Search the listing for "SUBTRACT" and copy every line where it appears.
[Start of Attachment]
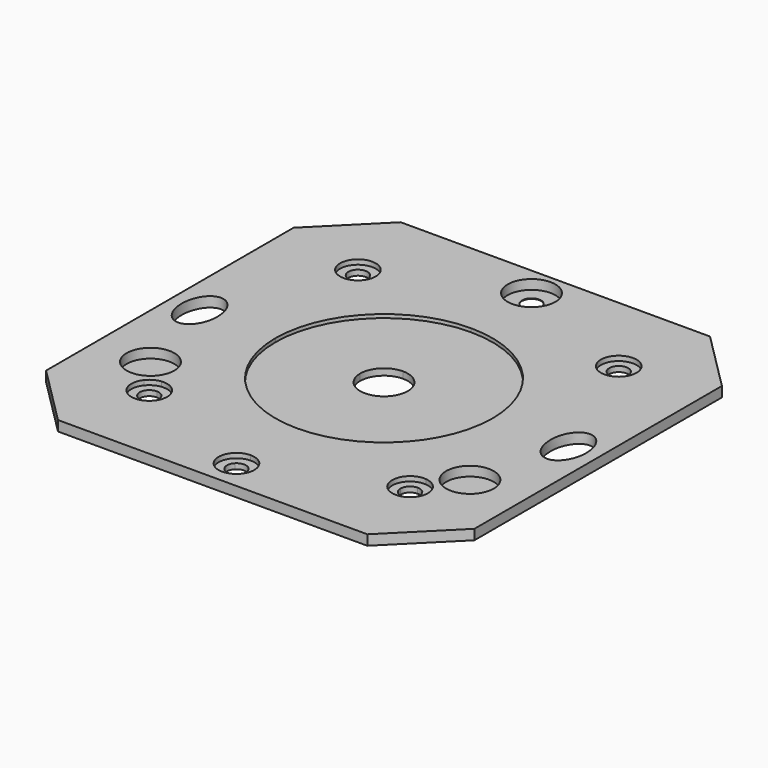
from build123d import *

# Parameters (mm, degrees)
F0_R      = 18.25
F1_DEPTH  = 1.7
F3_DEPTH  = 0.6
F4_R      = 1.6
F4_R_2    = 3
F5_DEPTH  = 0.8
F7_DEPTH  = 25
F8_R      = 2.5
F9_DEPTH  = 1.6
F10_R     = 4
F10_R_2   = 3
F11_DEPTH = 1.6
F13_DEPTH = 0.8
F15_DEPTH = 25


with BuildPart() as f1:
    # F0 (on Top) → F1 (new body)
    with BuildSketch(Plane.XY):
        Polygon((12.8613220751, 42.5075584586), (-39.1386779249, 42.5075584586), (-49.1386779249, 32.5075584586), (-49.1386779249, -19.4924415414), (-39.1386779249, -29.4924415414), (12.8613220751, -29.4924415414), (22.8613220751, -19.4924415414), (22.8613220751, 32.5075584586), align=None)
        with BuildLine():
            ThreePointArc((-35.0589881417, 26.8278686754), (-36.1903589916, 29.5592395253), (-33.4589881417, 28.4278686754))
            Line((-33.4589881417, 28.4278686754), (-22.2183677081, 28.4278686754))
            Line((-22.2183677081, 28.4278686754), (-14.2700487748, 36.3761876087))
            ThreePointArc((-14.2700487748, 36.3761876087), (-13.7509714167, 38.9857657106), (-11.5386779249, 37.5075584586))
            ThreePointArc((-11.5386779249, 37.5075584586), (-11.6604706729, 36.8952649668), (-12.007307075, 36.3761876087))
            Line((-12.007307075, 36.3761876087), (-4.0589881417, 28.4278686754))
            Line((-4.0589881417, 28.4278686754), (7.1816322919, 28.4278686754))
            ThreePointArc((7.1816322919, 28.4278686754), (8.7816322919, 30.0278686754), (10.3816322919, 28.4278686754))
            ThreePointArc((10.3816322919, 28.4278686754), (9.9130031418, 27.2964978255), (8.7816322919, 26.8278686754))
            Line((8.7816322919, 26.8278686754), (8.7816322919, 15.5872482418))
            Line((8.7816322919, 15.5872482418), (16.7299512252, 7.6389293085))
            ThreePointArc((16.7299512252, 7.6389293085), (18.4736155669, 7.9857657106), (19.4613220751, 6.5075584586))
            ThreePointArc((19.4613220751, 6.5075584586), (18.4736155669, 5.0293512066), (16.7299512252, 5.3761876087))
            Line((16.7299512252, 5.3761876087), (8.7816322919, -2.5721313246))
            Line((8.7816322919, -2.5721313246), (8.7816322919, -13.8127517582))
            ThreePointArc((8.7816322919, -13.8127517582), (9.9130031418, -14.2813809083), (10.3816322919, -15.4127517582))
            ThreePointArc((10.3816322919, -15.4127517582), (8.7816322919, -17.0127517582), (7.1816322919, -15.4127517582))
            Line((7.1816322919, -15.4127517582), (-4.0589881417, -15.4127517582))
            Line((-4.0589881417, -15.4127517582), (-12.007307075, -23.3610706915))
            ThreePointArc((-12.007307075, -23.3610706915), (-11.6604706729, -23.8801480496), (-11.5386779249, -24.4924415414))
            ThreePointArc((-11.5386779249, -24.4924415414), (-13.7509714167, -25.9706487934), (-14.2700487748, -23.3610706915))
            Line((-14.2700487748, -23.3610706915), (-22.2183677081, -15.4127517582))
            Line((-22.2183677081, -15.4127517582), (-33.4589881417, -15.4127517582))
            ThreePointArc((-33.4589881417, -15.4127517582), (-36.1903589916, -16.5441226081), (-35.0589881417, -13.8127517582))
            Line((-35.0589881417, -13.8127517582), (-35.0589881417, -2.5721313246))
            Line((-35.0589881417, -2.5721313246), (-43.007307075, 5.3761876087))
            ThreePointArc((-43.007307075, 5.3761876087), (-45.7386779249, 6.5075584586), (-43.007307075, 7.6389293085))
            Line((-43.007307075, 7.6389293085), (-35.0589881417, 15.5872482418))
            Line((-35.0589881417, 15.5872482418), (-35.0589881417, 26.8278686754))
        make_face(mode=Mode.SUBTRACT)
        with BuildLine():
            Line((-22.2183677081, 28.4278686754), (-33.4589881417, 28.4278686754))
            ThreePointArc((-33.4589881417, 28.4278686754), (-33.9276172918, 27.2964978255), (-35.0589881417, 26.8278686754))
            Line((-35.0589881417, 26.8278686754), (-35.0589881417, 15.5872482418))
            Line((-35.0589881417, 15.5872482418), (-22.2183677081, 28.4278686754))
        make_face()
        with BuildLine():
            Line((-14.2700487748, 36.3761876087), (-22.2183677081, 28.4278686754))
            Line((-22.2183677081, 28.4278686754), (-4.0589881417, 28.4278686754))
            Line((-4.0589881417, 28.4278686754), (-12.007307075, 36.3761876087))
            ThreePointArc((-12.007307075, 36.3761876087), (-13.1386779249, 35.9075584586), (-14.2700487748, 36.3761876087))
        make_face()
        with BuildLine():
            Line((7.1816322919, 28.4278686754), (-4.0589881417, 28.4278686754))
            Line((-4.0589881417, 28.4278686754), (8.7816322919, 15.5872482418))
            Line((8.7816322919, 15.5872482418), (8.7816322919, 26.8278686754))
            ThreePointArc((8.7816322919, 26.8278686754), (7.650261442, 27.2964978255), (7.1816322919, 28.4278686754))
        make_face()
        with BuildLine():
            Line((16.7299512252, 7.6389293085), (8.7816322919, 15.5872482418))
            Line((8.7816322919, 15.5872482418), (8.7816322919, -2.5721313246))
            Line((8.7816322919, -2.5721313246), (16.7299512252, 5.3761876087))
            ThreePointArc((16.7299512252, 5.3761876087), (16.2613220751, 6.5075584586), (16.7299512252, 7.6389293085))
        make_face()
        with BuildLine():
            Line((8.7816322919, -13.8127517582), (8.7816322919, -2.5721313246))
            Line((8.7816322919, -2.5721313246), (-4.0589881417, -15.4127517582))
            Line((-4.0589881417, -15.4127517582), (7.1816322919, -15.4127517582))
            ThreePointArc((7.1816322919, -15.4127517582), (7.650261442, -14.2813809083), (8.7816322919, -13.8127517582))
        make_face()
        with BuildLine():
            Line((-4.0589881417, -15.4127517582), (-22.2183677081, -15.4127517582))
            Line((-22.2183677081, -15.4127517582), (-14.2700487748, -23.3610706915))
            ThreePointArc((-14.2700487748, -23.3610706915), (-13.1386779249, -22.8924415414), (-12.007307075, -23.3610706915))
            Line((-12.007307075, -23.3610706915), (-4.0589881417, -15.4127517582))
        make_face()
        with BuildLine():
            Line((-22.2183677081, -15.4127517582), (-35.0589881417, -2.5721313246))
            Line((-35.0589881417, -2.5721313246), (-35.0589881417, -13.8127517582))
            ThreePointArc((-35.0589881417, -13.8127517582), (-33.9276172918, -14.2813809083), (-33.4589881417, -15.4127517582))
            Line((-33.4589881417, -15.4127517582), (-22.2183677081, -15.4127517582))
        make_face()
        with BuildLine():
            Line((-35.0589881417, -2.5721313246), (-35.0589881417, 15.5872482418))
            Line((-35.0589881417, 15.5872482418), (-43.007307075, 7.6389293085))
            ThreePointArc((-43.007307075, 7.6389293085), (-42.6604706729, 7.1198519504), (-42.5386779249, 6.5075584586))
            ThreePointArc((-42.5386779249, 6.5075584586), (-42.6604706729, 5.8952649668), (-43.007307075, 5.3761876087))
            Line((-43.007307075, 5.3761876087), (-35.0589881417, -2.5721313246))
        make_face()
        Polygon((-4.0589881417, 28.4278686754), (-22.2183677081, 28.4278686754), (-35.0589881417, 15.5872482418), (-35.0589881417, -2.5721313246), (-22.2183677081, -15.4127517582), (-4.0589881417, -15.4127517582), (8.7816322919, -2.5721313246), (8.7816322919, 15.5872482418), align=None)
        with Locations((-13.1386779249, 6.5075584586)):
            Circle(F0_R, mode=Mode.SUBTRACT)
        with Locations((-13.1386779249, 6.5075584586)):
            Circle(F0_R)
    extrude(amount=F1_DEPTH)

    # F2 (on face) → F3 (cut)
    with BuildSketch(Plane.XY.offset(1.7)):
        with BuildLine():
            Line((-31.3886779249, 6.5075584586), (-13.1386779249, 6.5075584586))
            Line((-13.1386779249, 6.5075584586), (-13.1386779249, 24.7575584586))
            ThreePointArc((-13.1386779249, 24.7575584586), (-26.0433766815, 19.4122572153), (-31.3886779249, 6.5075584586))
        make_face()
        with BuildLine():
            ThreePointArc((-13.1386779249, -11.7424415414), (-0.2339791682, -6.397140298), (5.1113220751, 6.5075584586))
            Line((5.1113220751, 6.5075584586), (-13.1386779249, 6.5075584586))
            Line((-13.1386779249, 6.5075584586), (-13.1386779249, -11.7424415414))
        make_face()
        with BuildLine():
            Line((-13.1386779249, 6.5075584586), (5.1113220751, 6.5075584586))
            ThreePointArc((5.1113220751, 6.5075584586), (-0.2339791682, 19.4122572153), (-13.1386779249, 24.7575584586))
            Line((-13.1386779249, 24.7575584586), (-13.1386779249, 6.5075584586))
        make_face()
        with BuildLine():
            Line((-13.1386779249, -11.7424415414), (-13.1386779249, 6.5075584586))
            Line((-13.1386779249, 6.5075584586), (-31.3886779249, 6.5075584586))
            ThreePointArc((-31.3886779249, 6.5075584586), (-26.0433766815, -6.397140298), (-13.1386779249, -11.7424415414))
        make_face()
    extrude(amount=-F3_DEPTH, mode=Mode.SUBTRACT)

    # F4 (on face) → F5 (cut)
    with BuildSketch(Plane.XY.offset(1.7)):
        with BuildLine():
            ThreePointArc((-45.7386779249, 6.5075584586), (-44.1386779249, 8.1075584586), (-42.5386779249, 6.5075584586))
            Line((-42.5386779249, 6.5075584586), (-41.1386779249, 6.5075584586))
            ThreePointArc((-41.1386779249, 6.5075584586), (-44.1386779249, 9.5075584586), (-47.1386779249, 6.5075584586))
            Line((-47.1386779249, 6.5075584586), (-45.7386779249, 6.5075584586))
        make_face()
        with BuildLine():
            ThreePointArc((-45.7386779249, 6.5075584586), (-44.1386779249, 4.9075584586), (-42.5386779249, 6.5075584586))
            Line((-42.5386779249, 6.5075584586), (-45.7386779249, 6.5075584586))
        make_face()
        with BuildLine():
            Line((-45.7386779249, 6.5075584586), (-42.5386779249, 6.5075584586))
            ThreePointArc((-42.5386779249, 6.5075584586), (-44.1386779249, 8.1075584586), (-45.7386779249, 6.5075584586))
        make_face()
        with BuildLine():
            Line((-41.1386779249, 6.5075584586), (-42.5386779249, 6.5075584586))
            ThreePointArc((-42.5386779249, 6.5075584586), (-44.1386779249, 4.9075584586), (-45.7386779249, 6.5075584586))
            Line((-45.7386779249, 6.5075584586), (-47.1386779249, 6.5075584586))
            ThreePointArc((-47.1386779249, 6.5075584586), (-44.1386779249, 3.5075584586), (-41.1386779249, 6.5075584586))
        make_face()
        with BuildLine():
            ThreePointArc((-35.4323567059, -9.5934317721), (-36.3209238445, -8.8312520534), (-37.4590547769, -8.5571581567))
            Line((-37.4590547769, -8.5571581567), (-37.4590547769, -11.0571581567))
            Line((-37.4590547769, -11.0571581567), (-35.4323567059, -9.5934317721))
        make_face()
        with BuildLine():
            Line((-37.4590547769, -11.0571581567), (-37.4590547769, -8.5571581567))
            ThreePointArc((-37.4590547769, -8.5571581567), (-39.6849608802, -9.9190272243), (-39.4857528479, -12.5208845413))
            Line((-39.4857528479, -12.5208845413), (-37.4590547769, -11.0571581567))
        make_face()
        with BuildLine():
            Line((-34.9590547769, -11.0571581567), (-37.4590547769, -11.0571581567))
            Line((-37.4590547769, -11.0571581567), (-39.4857528479, -12.5208845413))
            ThreePointArc((-39.4857528479, -12.5208845413), (-38.5779651724, -13.2927877161), (-37.4159766348, -13.5567869839))
            ThreePointArc((-37.4159766348, -13.5567869839), (-36.5068235367, -12.7852486338), (-35.3689396686, -12.4288063748))
            ThreePointArc((-35.3689396686, -12.4288063748), (-35.0637168288, -11.7729487089), (-34.9590547769, -11.0571581567))
        make_face()
        with BuildLine():
            Line((-35.4323567059, -9.5934317721), (-37.4590547769, -11.0571581567))
            Line((-37.4590547769, -11.0571581567), (-34.9590547769, -11.0571581567))
            ThreePointArc((-34.9590547769, -11.0571581567), (-35.0803213768, -10.2879849569), (-35.4323567059, -9.5934317721))
        make_face()
        with BuildLine():
            ThreePointArc((-35.3689396686, -12.4288063748), (-36.5068235367, -12.7852486338), (-37.4159766348, -13.5567869839))
            ThreePointArc((-37.4159766348, -13.5567869839), (-36.252525281, -13.2467440937), (-35.3689396686, -12.4288063748))
        make_face()
        with BuildLine():
            ThreePointArc((-35.3689396686, -12.4288063748), (-36.252525281, -13.2467440937), (-37.4159766348, -13.5567869839))
            ThreePointArc((-37.4159766348, -13.5567869839), (-36.0410865381, -18.2474444646), (-32.0589881417, -15.4127517582))
            ThreePointArc((-32.0589881417, -15.4127517582), (-33.0502391007, -13.1845400783), (-35.3689396686, -12.4288063748))
        make_face()
        with Locations((-35.0589881417, -15.4127517582)):
            Circle(F4_R, mode=Mode.SUBTRACT)
        with BuildLine():
            ThreePointArc((-13.1386779249, 40.5075584586), (-16.1386779249, 37.5075584586), (-13.1386779249, 34.5075584586))
            Line((-13.1386779249, 34.5075584586), (-13.1386779249, 35.9075584586))
            ThreePointArc((-13.1386779249, 35.9075584586), (-14.7386779249, 37.5075584586), (-13.1386779249, 39.1075584586))
            Line((-13.1386779249, 39.1075584586), (-13.1386779249, 40.5075584586))
        make_face()
        with BuildLine():
            Line((-13.1386779249, 35.9075584586), (-13.1386779249, 34.5075584586))
            ThreePointArc((-13.1386779249, 34.5075584586), (-11.0173575813, 35.3862381151), (-10.1386779249, 37.5075584586))
            ThreePointArc((-10.1386779249, 37.5075584586), (-11.0173575813, 39.6288788022), (-13.1386779249, 40.5075584586))
            Line((-13.1386779249, 40.5075584586), (-13.1386779249, 39.1075584586))
            ThreePointArc((-13.1386779249, 39.1075584586), (-12.007307075, 38.6389293085), (-11.5386779249, 37.5075584586))
            ThreePointArc((-11.5386779249, 37.5075584586), (-12.007307075, 36.3761876087), (-13.1386779249, 35.9075584586))
        make_face()
        with BuildLine():
            ThreePointArc((-10.1386779249, -24.4924415414), (-11.0173575813, -22.3711211978), (-13.1386779249, -21.4924415414))
            Line((-13.1386779249, -21.4924415414), (-13.1386779249, -22.8924415414))
            ThreePointArc((-13.1386779249, -22.8924415414), (-12.007307075, -23.3610706915), (-11.5386779249, -24.4924415414))
            ThreePointArc((-11.5386779249, -24.4924415414), (-12.007307075, -25.6238123913), (-13.1386779249, -26.0924415414))
            Line((-13.1386779249, -26.0924415414), (-13.1386779249, -27.4924415414))
            ThreePointArc((-13.1386779249, -27.4924415414), (-11.0173575813, -26.6137618849), (-10.1386779249, -24.4924415414))
        make_face()
        with BuildLine():
            Line((-13.1386779249, -22.8924415414), (-13.1386779249, -21.4924415414))
            ThreePointArc((-13.1386779249, -21.4924415414), (-16.1386779249, -24.4924415414), (-13.1386779249, -27.4924415414))
            Line((-13.1386779249, -27.4924415414), (-13.1386779249, -26.0924415414))
            ThreePointArc((-13.1386779249, -26.0924415414), (-14.7386779249, -24.4924415414), (-13.1386779249, -22.8924415414))
        make_face()
        with BuildLine():
            ThreePointArc((11.1816989271, -8.5571581567), (10.0435679947, -8.8312520534), (9.1550008561, -9.5934317721))
            Line((9.1550008561, -9.5934317721), (11.1816989271, -11.0571581567))
            Line((11.1816989271, -11.0571581567), (11.1816989271, -8.5571581567))
        make_face()
        with BuildLine():
            Line((11.1816989271, -11.0571581567), (9.1550008561, -9.5934317721))
            ThreePointArc((9.1550008561, -9.5934317721), (8.802965527, -10.2879849569), (8.6816989271, -11.0571581567))
            Line((8.6816989271, -11.0571581567), (11.1816989271, -11.0571581567))
        make_face()
        with BuildLine():
            ThreePointArc((20.8613220751, 6.5075584586), (17.8613220751, 9.5075584586), (14.8613220751, 6.5075584586))
            Line((14.8613220751, 6.5075584586), (16.2613220751, 6.5075584586))
            ThreePointArc((16.2613220751, 6.5075584586), (17.8613220751, 8.1075584586), (19.4613220751, 6.5075584586))
            Line((19.4613220751, 6.5075584586), (20.8613220751, 6.5075584586))
        make_face()
        with BuildLine():
            Line((16.2613220751, 6.5075584586), (14.8613220751, 6.5075584586))
            ThreePointArc((14.8613220751, 6.5075584586), (17.8613220751, 3.5075584586), (20.8613220751, 6.5075584586))
            Line((20.8613220751, 6.5075584586), (19.4613220751, 6.5075584586))
            ThreePointArc((19.4613220751, 6.5075584586), (17.8613220751, 4.9075584586), (16.2613220751, 6.5075584586))
        make_face()
        with BuildLine():
            ThreePointArc((13.6816989271, -11.0571581567), (12.9494658801, -9.2893912037), (11.1816989271, -8.5571581567))
            Line((11.1816989271, -8.5571581567), (11.1816989271, -11.0571581567))
            Line((11.1816989271, -11.0571581567), (13.2083969981, -12.5208845413))
            ThreePointArc((13.2083969981, -12.5208845413), (13.5604323272, -11.8263313565), (13.6816989271, -11.0571581567))
        make_face()
        with BuildLine():
            ThreePointArc((11.138620785, -13.5567869839), (10.229467687, -12.7852486338), (9.0915838189, -12.4288063748))
            ThreePointArc((9.0915838189, -12.4288063748), (9.9751694312, -13.2467440937), (11.138620785, -13.5567869839))
        make_face()
        with BuildLine():
            ThreePointArc((11.138620785, -13.5567869839), (9.9751694312, -13.2467440937), (9.0915838189, -12.4288063748))
            ThreePointArc((9.0915838189, -12.4288063748), (6.553420612, -17.4215007991), (11.7816322919, -15.4127517582))
            ThreePointArc((11.7816322919, -15.4127517582), (11.6163249983, -14.4306533617), (11.138620785, -13.5567869839))
        make_face()
        with Locations((8.7816322919, -15.4127517582)):
            Circle(F4_R, mode=Mode.SUBTRACT)
        with BuildLine():
            ThreePointArc((19.4613220751, 6.5075584586), (17.8613220751, 8.1075584586), (16.2613220751, 6.5075584586))
            Line((16.2613220751, 6.5075584586), (19.4613220751, 6.5075584586))
        make_face()
        with BuildLine():
            Line((19.4613220751, 6.5075584586), (16.2613220751, 6.5075584586))
            ThreePointArc((16.2613220751, 6.5075584586), (17.8613220751, 4.9075584586), (19.4613220751, 6.5075584586))
        make_face()
        with Locations((-35.0589881417, 28.4278686754)):
            Circle(F4_R_2)
        with Locations((-35.0589881417, 28.4278686754)):
            Circle(F4_R, mode=Mode.SUBTRACT)
        with Locations((8.7816322919, 28.4278686754)):
            Circle(F4_R_2)
        with Locations((8.7816322919, 28.4278686754)):
            Circle(F4_R, mode=Mode.SUBTRACT)
        with Locations((-35.0589881417, -15.4127517582)):
            Circle(F4_R)
        with Locations((8.7816322919, -15.4127517582)):
            Circle(F4_R)
        with Locations((-35.0589881417, 28.4278686754)):
            Circle(F4_R)
        with Locations((8.7816322919, 28.4278686754)):
            Circle(F4_R)
    extrude(amount=-F5_DEPTH, mode=Mode.SUBTRACT)

    # F6 (on face) → F7 (cut)
    with BuildSketch(Plane.XY.offset(1.7)):
        with BuildLine():
            ThreePointArc((-9.1386779249, 6.5075584586), (-10.3102508001, 9.3359855834), (-13.1386779249, 10.5075584586))
            Line((-13.1386779249, 10.5075584586), (-13.1386779249, 6.5075584586))
            Line((-13.1386779249, 6.5075584586), (-9.1386779249, 6.5075584586))
        make_face()
        with BuildLine():
            Line((-13.1386779249, 6.5075584586), (-13.1386779249, 10.5075584586))
            ThreePointArc((-13.1386779249, 10.5075584586), (-15.9671050496, 9.3359855834), (-17.1386779249, 6.5075584586))
            Line((-17.1386779249, 6.5075584586), (-13.1386779249, 6.5075584586))
        make_face()
        with BuildLine():
            Line((-9.1386779249, 6.5075584586), (-13.1386779249, 6.5075584586))
            Line((-13.1386779249, 6.5075584586), (-13.1386779249, 2.5075584586))
            ThreePointArc((-13.1386779249, 2.5075584586), (-10.3102508001, 3.6791313339), (-9.1386779249, 6.5075584586))
        make_face()
        with BuildLine():
            Line((-13.1386779249, 2.5075584586), (-13.1386779249, 6.5075584586))
            Line((-13.1386779249, 6.5075584586), (-17.1386779249, 6.5075584586))
            ThreePointArc((-17.1386779249, 6.5075584586), (-15.9671050496, 3.6791313339), (-13.1386779249, 2.5075584586))
        make_face()
    extrude(amount=-F7_DEPTH, mode=Mode.SUBTRACT)

    # F8 (on face) → F9 (join)
    with BuildSketch(Plane.XY.offset(1.7)):
        with Locations((-37.4590547769, -11.0571581567)):
            Circle(F8_R)
        with Locations((11.1816989271, -11.0571581567)):
            Circle(F8_R)
    extrude(amount=-F9_DEPTH)

    # F10 (on face) → F11 (cut)
    with BuildSketch(Plane.XY.offset(1.7)):
        with Locations((-13.1386779249, 37.5075584586)):
            Circle(F10_R)
        with Locations((-13.1386779249, 37.5075584586)):
            Circle(F10_R_2, mode=Mode.SUBTRACT)
        with Locations((13.7081095924, -8.9924415414)):
            Circle(F10_R)
        with Locations((-39.9854654422, -8.9924415414)):
            Circle(F10_R)
        with Locations((-44.1386779249, 6.5075584586)):
            Circle(F10_R_2)
        with Locations((-13.1386779249, 37.5075584586)):
            Circle(F10_R_2)
    extrude(amount=-F11_DEPTH, mode=Mode.SUBTRACT)

    # F12 (on face) → F13 (cut)
    with BuildSketch(Plane.XY.offset(1.7)):
        with BuildLine():
            ThreePointArc((9.0915838189, -12.4288063748), (9.9751694312, -13.2467440937), (11.138620785, -13.5567869839))
            ThreePointArc((11.138620785, -13.5567869839), (10.229467687, -12.7852486338), (9.0915838189, -12.4288063748))
        make_face()
        with BuildLine():
            ThreePointArc((9.0915838189, -12.4288063748), (6.553420612, -17.4215007991), (11.7816322919, -15.4127517582))
            ThreePointArc((11.7816322919, -15.4127517582), (11.6163249983, -14.4306533617), (11.138620785, -13.5567869839))
            ThreePointArc((11.138620785, -13.5567869839), (9.9751694312, -13.2467440937), (9.0915838189, -12.4288063748))
        make_face()
        with BuildLine():
            ThreePointArc((-37.4159766348, -13.5567869839), (-36.0410865381, -18.2474444646), (-32.0589881417, -15.4127517582))
            ThreePointArc((-32.0589881417, -15.4127517582), (-33.0502391007, -13.1845400783), (-35.3689396686, -12.4288063748))
            ThreePointArc((-35.3689396686, -12.4288063748), (-36.252525281, -13.2467440937), (-37.4159766348, -13.5567869839))
        make_face()
        with BuildLine():
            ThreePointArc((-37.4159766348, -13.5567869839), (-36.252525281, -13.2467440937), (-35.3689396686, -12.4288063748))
[End of Attachment]
**Problem solution**
        make_face(mode=Mode.SUBTRACT)
            Circle(F0_R, mode=Mode.SUBTRACT)
    extrude(amount=-F3_DEPTH, mode=Mode.SUBTRACT)
            Circle(F4_R, mode=Mode.SUBTRACT)
            Circle(F4_R, mode=Mode.SUBTRACT)
            Circle(F4_R, mode=Mode.SUBTRACT)
            Circle(F4_R, mode=Mode.SUBTRACT)
    extrude(amount=-F5_DEPTH, mode=Mode.SUBTRACT)
    extrude(amount=-F7_DEPTH, mode=Mode.SUBTRACT)
            Circle(F10_R_2, mode=Mode.SUBTRACT)
    extrude(amount=-F11_DEPTH, mode=Mode.SUBTRACT)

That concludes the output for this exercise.